June 13, 2024

AI Poses Risks to Retail Investment Services

Europe’s markets regulator is warning about potential dangers of artificial intelligence (AI) use by investment firms.

The European Securities and Markets Authority (ESMA) issued guidance Thursday (May 30) for companies using AI when providing investment services to retail clients.

“When using AI, ESMA expects firms to comply with relevant MiFID II requirements, particularly when it comes to organizational aspects, conduct of business, and their regulatory obligation to act in the best interest of the client,” the regulator said, referring to Europe’s securities law.

ESMA said that while AI has potential benefits to firms and clients, the technology also brings with it risks, including algorithmic biases and data quality issues and “opaque decision-making by a firm’s staff members.”

The regulator also cautioned against over reliance on AI by both companies and clients for decision-making; and privacy “and security concerns linked to the collection, storage, and processing of the large amount of data needed by AI systems.”

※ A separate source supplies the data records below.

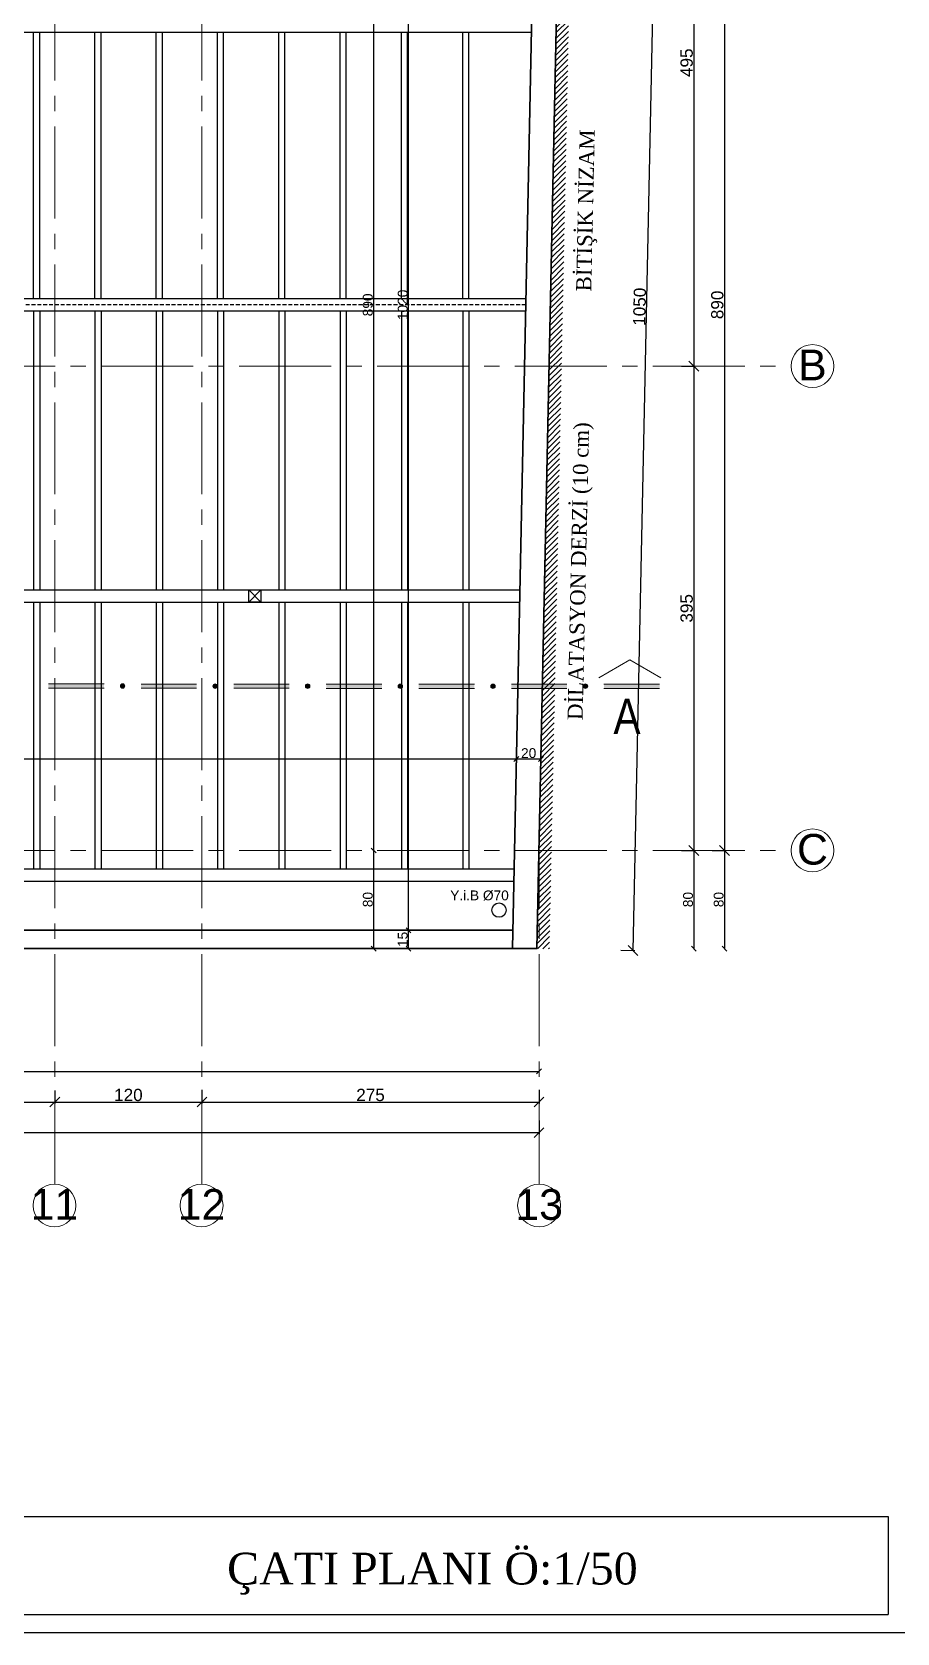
# Model space of a CAD drawing. Header units: centimetres. Extents: x 14449 to 53524, y -19051 to -10746.
# Drawn here: x 39355 to 40061, y -12946 to -11641 of the extents above; entities that cross this region are included whole.
import ezdxf

# ---------------------------------------------------------------- set-up
doc = ezdxf.new("R2010")
doc.units = ezdxf.units.CM
for name, pattern in [('CENTER2', [112.5, 75, -12.5, 12.5, -12.5]), ('HIDDEN2', [4.7625, 3.175, -1.5875]), ('IZDUSUM1', [20, 7.5, -5, 7.5, 0]), ('SEMBOL1', [260, 200, -15, 30, -15])]:
    doc.linetypes.add(name, pattern=pattern)
for name, color, linetype, lineweight in [('P-AKS', 255, 'Continuous', 5), ('P-ÖLÇÜ DIŞ', 245, 'Continuous', 9), ('P-ÖLÇÜ İÇ', 243, 'Continuous', 0), ('rtm-duv tugla', 22, 'Continuous', 35), ('rtm-izdusum-üst ince', 8, 'IZDUSUM1', 5), ('rtm-mhl-yazı-malzeme', 7, 'Continuous', 13), ('rtm-plan katmanı-03', 233, 'Continuous', 30), ('rtm-plan katmanı-04', 33, 'Continuous', 25), ('rtm-sembol balon baslik', 242, 'Continuous', 20), ('rtm-sembol kesit gör yazı', 7, 'Continuous', 20), ('rtm-sıva', 252, 'Continuous', 15), ('YG KULLANMA SOĞUK SUYU', 140, 'Continuous', 30), ('YG SOĞUK SU ÇAP', 140, 'Continuous', 25)]:
    doc.layers.add(name, color=color, linetype=linetype, lineweight=lineweight)
doc.styles.add('arial_1_18', font='arial.ttf', dxfattribs={"height": 0.2})
doc.styles.add('BASLIK', font='ARIALN.TTF')
doc.styles.get("Standard").update_dxf_attribs({"font": 'arial.ttf'})
doc.styles.add('ölçü', font='times.ttf', dxfattribs={"height": 10})
doc.dimstyles.new('DIŞ ÖLÇÜ', dxfattribs={"dimtxt": 10, "dimasz": 8, "dimexe": 1.25, "dimexo": 0.625, "dimtad": 1, "dimdec": 0, "dimtxsty": 'Standard', "dimblk": 'OBLIQUE', "dimcen": 2.5, "dimse1": 1, "dimse2": 1, "dimclrd": 256, "dimclrt": 256, "dimadec": 0, "dimazin": 0, "dimtfac": 1, "dimtdec": 0, "dimtmove": 0, "dimatfit": 3, "dimldrblk": 'OBLIQUE', "dimfxl": 1, "dimarcsym": 0})
doc.dimstyles.new('İÇ ÖLÇÜ', dxfattribs={"dimtxt": 8, "dimasz": 4, "dimexe": 1.25, "dimexo": 0.625, "dimtad": 1, "dimdec": 0, "dimtxsty": 'Standard', "dimblk": 'OBLIQUE', "dimcen": 2.5, "dimse1": 1, "dimse2": 1, "dimclrd": 256, "dimclrt": 256, "dimadec": 0, "dimazin": 0, "dimtfac": 1, "dimtdec": 0, "dimtmove": 1, "dimatfit": 3, "dimldrblk": 'OBLIQUE', "dimfxl": 1, "dimarcsym": 0})

# ---------------------------------------------------------------- blocks, each defined once
blk = doc.blocks.new('YTUJ7U')
at = {"layer": 'P-AKS', "linetype": 'CENTER2'}
blk.add_line((29117.1, -9962.6), (29117.1, -9690.5), dxfattribs=at)
for points in [[(28722.1, -9962.6), (28722.1, -8554.5)], [(28842.1, -9962.6), (28842.1, -8554.5)], [(25834.9, -9295.5), (29322.6, -9295.5)], [(25834.9, -9690.5), (29322.6, -9690.5)]]:
    blk.add_lwpolyline(points, dxfattribs=at)
at = {"layer": 'P-AKS', "linetype": 'Continuous'}
for centre in [(29340.1, -9295.5), (29340.1, -9690.5), (28721.8, -9980.1), (28841.8, -9980.1), (29117.1, -9980.1)]:
    blk.add_circle(centre, 17.5, dxfattribs=at)
at = {"layer": 'P-AKS', "linetype": 'Continuous', "style": 'arial_1_18'}
for s, p in [('B', (29328.4, -9307.1)), ('C', (29327.5, -9702.1)), ('11', (28702.3, -9991.7)), ('12', (28822.3, -9991.7)), ('13', (29097.7, -9991.8))]:
    blk.add_text(s, height=25, dxfattribs=at).set_placement(p)
blk = doc.blocks.new('KK')
at = {"layer": 'rtm-sembol balon baslik', "linetype": 'SEMBOL1'}
for p in [(41231.3, 7543.2), (41283.8, 7543.2)]:
    blk.add_line(p, (41257.6, 7558.4), dxfattribs=at)
at = {"layer": 'rtm-sembol balon baslik'}
for p, q in [((41279.6, 7537.7), (41232.3, 7537.7)), ((41358.2, 7537.7), (41311, 7537.7)), ((41436.9, 7537.8), (41389.7, 7537.8)), ((41515.6, 7537.8), (41468.3, 7537.8)), ((41594.2, 7537.9), (41547, 7537.9)), ((41672.9, 7537.9), (41625.7, 7537.9)), ((41751.6, 7538.1), (41704.3, 7538.1)), ((41279.6, 7534), (41232.3, 7534)), ((41358.2, 7534), (41311, 7534)), ((41436.9, 7534.1), (41389.7, 7534.1)), ((41515.6, 7534.1), (41468.3, 7534.1)), ((41594.2, 7534.3), (41547, 7534.3)), ((41672.9, 7534.3), (41625.7, 7534.3)), ((41751.6, 7534.4), (41704.3, 7534.4))]:
    blk.add_line(p, q, dxfattribs=at)
at = {"layer": 'rtm-sembol balon baslik', "const_width": 1.9}
for points in [[(41294.3, 7536.1, 1), (41296.2, 7536.1, 1)], [(41373, 7536, 1), (41374.9, 7536, 1)], [(41451.7, 7536, 1), (41453.6, 7536, 1)], [(41530.3, 7536.1, 1), (41532.2, 7536.1, 1)], [(41609, 7536.1, 1), (41610.9, 7536.1, 1)], [(41687.7, 7536.2, 1), (41689.6, 7536.2, 1)]]:
    blk.add_lwpolyline(points, format="xyb", close=True, dxfattribs=at)
at = {"layer": 'rtm-sembol balon baslik'}
for centre in [(41295.3, 7536.1), (41373.9, 7536), (41452.6, 7536), (41531.3, 7536.1), (41610, 7536.1), (41688.6, 7536.2)]:
    blk.add_circle(centre, 1.9, dxfattribs=at)
for points in [[(41232.3, 7537.7), (41232.3, 7534), (41279.6, 7537.7), (41279.6, 7534)], [(41311, 7537.7), (41311, 7534), (41358.2, 7537.7), (41358.2, 7534)], [(41389.7, 7537.8), (41389.7, 7534.1), (41436.9, 7537.8), (41436.9, 7534.1)], [(41468.3, 7537.8), (41468.3, 7534.1), (41515.6, 7537.8), (41515.6, 7534.1)], [(41547, 7537.9), (41547, 7534.3), (41594.2, 7537.9), (41594.2, 7534.3)], [(41625.7, 7537.9), (41625.7, 7534.3), (41672.9, 7537.9), (41672.9, 7534.3)], [(41704.3, 7538.1), (41704.3, 7534.4), (41751.6, 7538.1), (41751.6, 7534.4)]]:
    blk.add_trace(points, dxfattribs=at)
blk = doc.blocks.new('_Oblique')
at = {"color": 0, "linetype": 'ByBlock', "lineweight": -2}
blk.add_line((-0.5, -0.5), (0.5, 0.5), dxfattribs=at)
blk = doc.blocks.new('*D4239')
at = {"layer": 'Defpoints', "color": 0, "transparency": 16777216}
for p in [(39880.9, -11418.1), (39880.9, -11913.1), (39894.9, -11913.1)]:
    blk.add_point(p, dxfattribs=at)
at = {"layer": 'P-ÖLÇÜ DIŞ', "color": 0, "lineweight": -2, "transparency": 16777216}
for p, q in [((39884.9, -11418.1), (39896.1, -11418.1)), ((39884.9, -11913.1), (39896.1, -11913.1))]:
    blk.add_line(p, q, dxfattribs=at)
at = {"layer": 'P-ÖLÇÜ DIŞ', "lineweight": -2, "transparency": 16777216}
blk.add_line((39894.9, -11418.1), (39894.9, -11913.1), dxfattribs=at)
at = {"layer": 'P-ÖLÇÜ DIŞ', "lineweight": -2, "transparency": 16777216, "xscale": 8, "yscale": 8, "zscale": 8}
for p, rotation in [((39894.9, -11418.1), 90), ((39894.9, -11913.1), 270)]:
    blk.add_blockref('_Oblique', p, dxfattribs=dict(at, rotation=rotation))
at = {"layer": 'P-ÖLÇÜ DIŞ', "transparency": 16777216, "insert": (39889.1, -11665.6), "char_height": 10, "attachment_point": 5, "rotation": 90}
blk.add_mtext('495', dxfattribs=at)
blk = doc.blocks.new('*D4240')
at = {"layer": 'Defpoints', "color": 0, "transparency": 16777216}
for p in [(39880.9, -11913.1), (39881.2, -12308.1), (39894.9, -12308.1)]:
    blk.add_point(p, dxfattribs=at)
at = {"layer": 'P-ÖLÇÜ DIŞ', "color": 0, "lineweight": -2, "transparency": 16777216}
for p, q in [((39884.9, -11913.1), (39896.1, -11913.1)), ((39884.9, -12308.1), (39896.1, -12308.1))]:
    blk.add_line(p, q, dxfattribs=at)
at = {"layer": 'P-ÖLÇÜ DIŞ', "lineweight": -2, "transparency": 16777216}
blk.add_line((39894.9, -11913.1), (39894.9, -12308.1), dxfattribs=at)
at = {"layer": 'P-ÖLÇÜ DIŞ', "lineweight": -2, "transparency": 16777216, "xscale": 8, "yscale": 8, "zscale": 8}
for p, rotation in [((39894.9, -11913.1), 90), ((39894.9, -12308.1), 270)]:
    blk.add_blockref('_Oblique', p, dxfattribs=dict(at, rotation=rotation))
at = {"layer": 'P-ÖLÇÜ DIŞ', "transparency": 16777216, "insert": (39889.1, -12110.6), "char_height": 10, "attachment_point": 5, "rotation": 90}
blk.add_mtext('395', dxfattribs=at)
blk = doc.blocks.new('*D4241')
at = {"layer": 'Defpoints', "color": 0, "transparency": 16777216}
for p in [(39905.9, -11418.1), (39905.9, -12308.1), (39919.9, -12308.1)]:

“Potential uses of AI by investment firms which would be covered by requirements under MiFID II include customer support, fraud detection, risk management, compliance, and support to firms in the provision of investment advice and portfolio management,” ESMA said.

ESMA said it and the National Competent Authorities (NCAs) will continue to monitor the use of AI in investment services and the relevant EU legal framework to decide whether further action is warranted in this area.

These efforts are happening at a time when 100% of the CFOs PYMNTS has surveyed say their companies are using generative AI (GenAI), although how those firms are using it varies.

“All that were surveyed said they used the technology for at least three internal functions,” PYMNTS wrote earlier this week. “However, in most cases, we found those use cases were what our researchers categorized as routine and low-risk, such as summarizing information or accessing a catalog.”

Just 30% of surveyed enterprises are taking full advantage of their GenAI applications by deploying them in strategic ways, such as monitoring multiple processes, making assessments based on diverse inputs or creating new content.

“What is noteworthy, though, is that the firms using GenAI applications in highly impactful ways had not necessarily invested more initially,” that report said. “In fact, those firms with a high total impact score — meaning they used more strategic and complex GenAI applications — actually invested 25% less in the technology than those using GenAI for non-strategic applications.”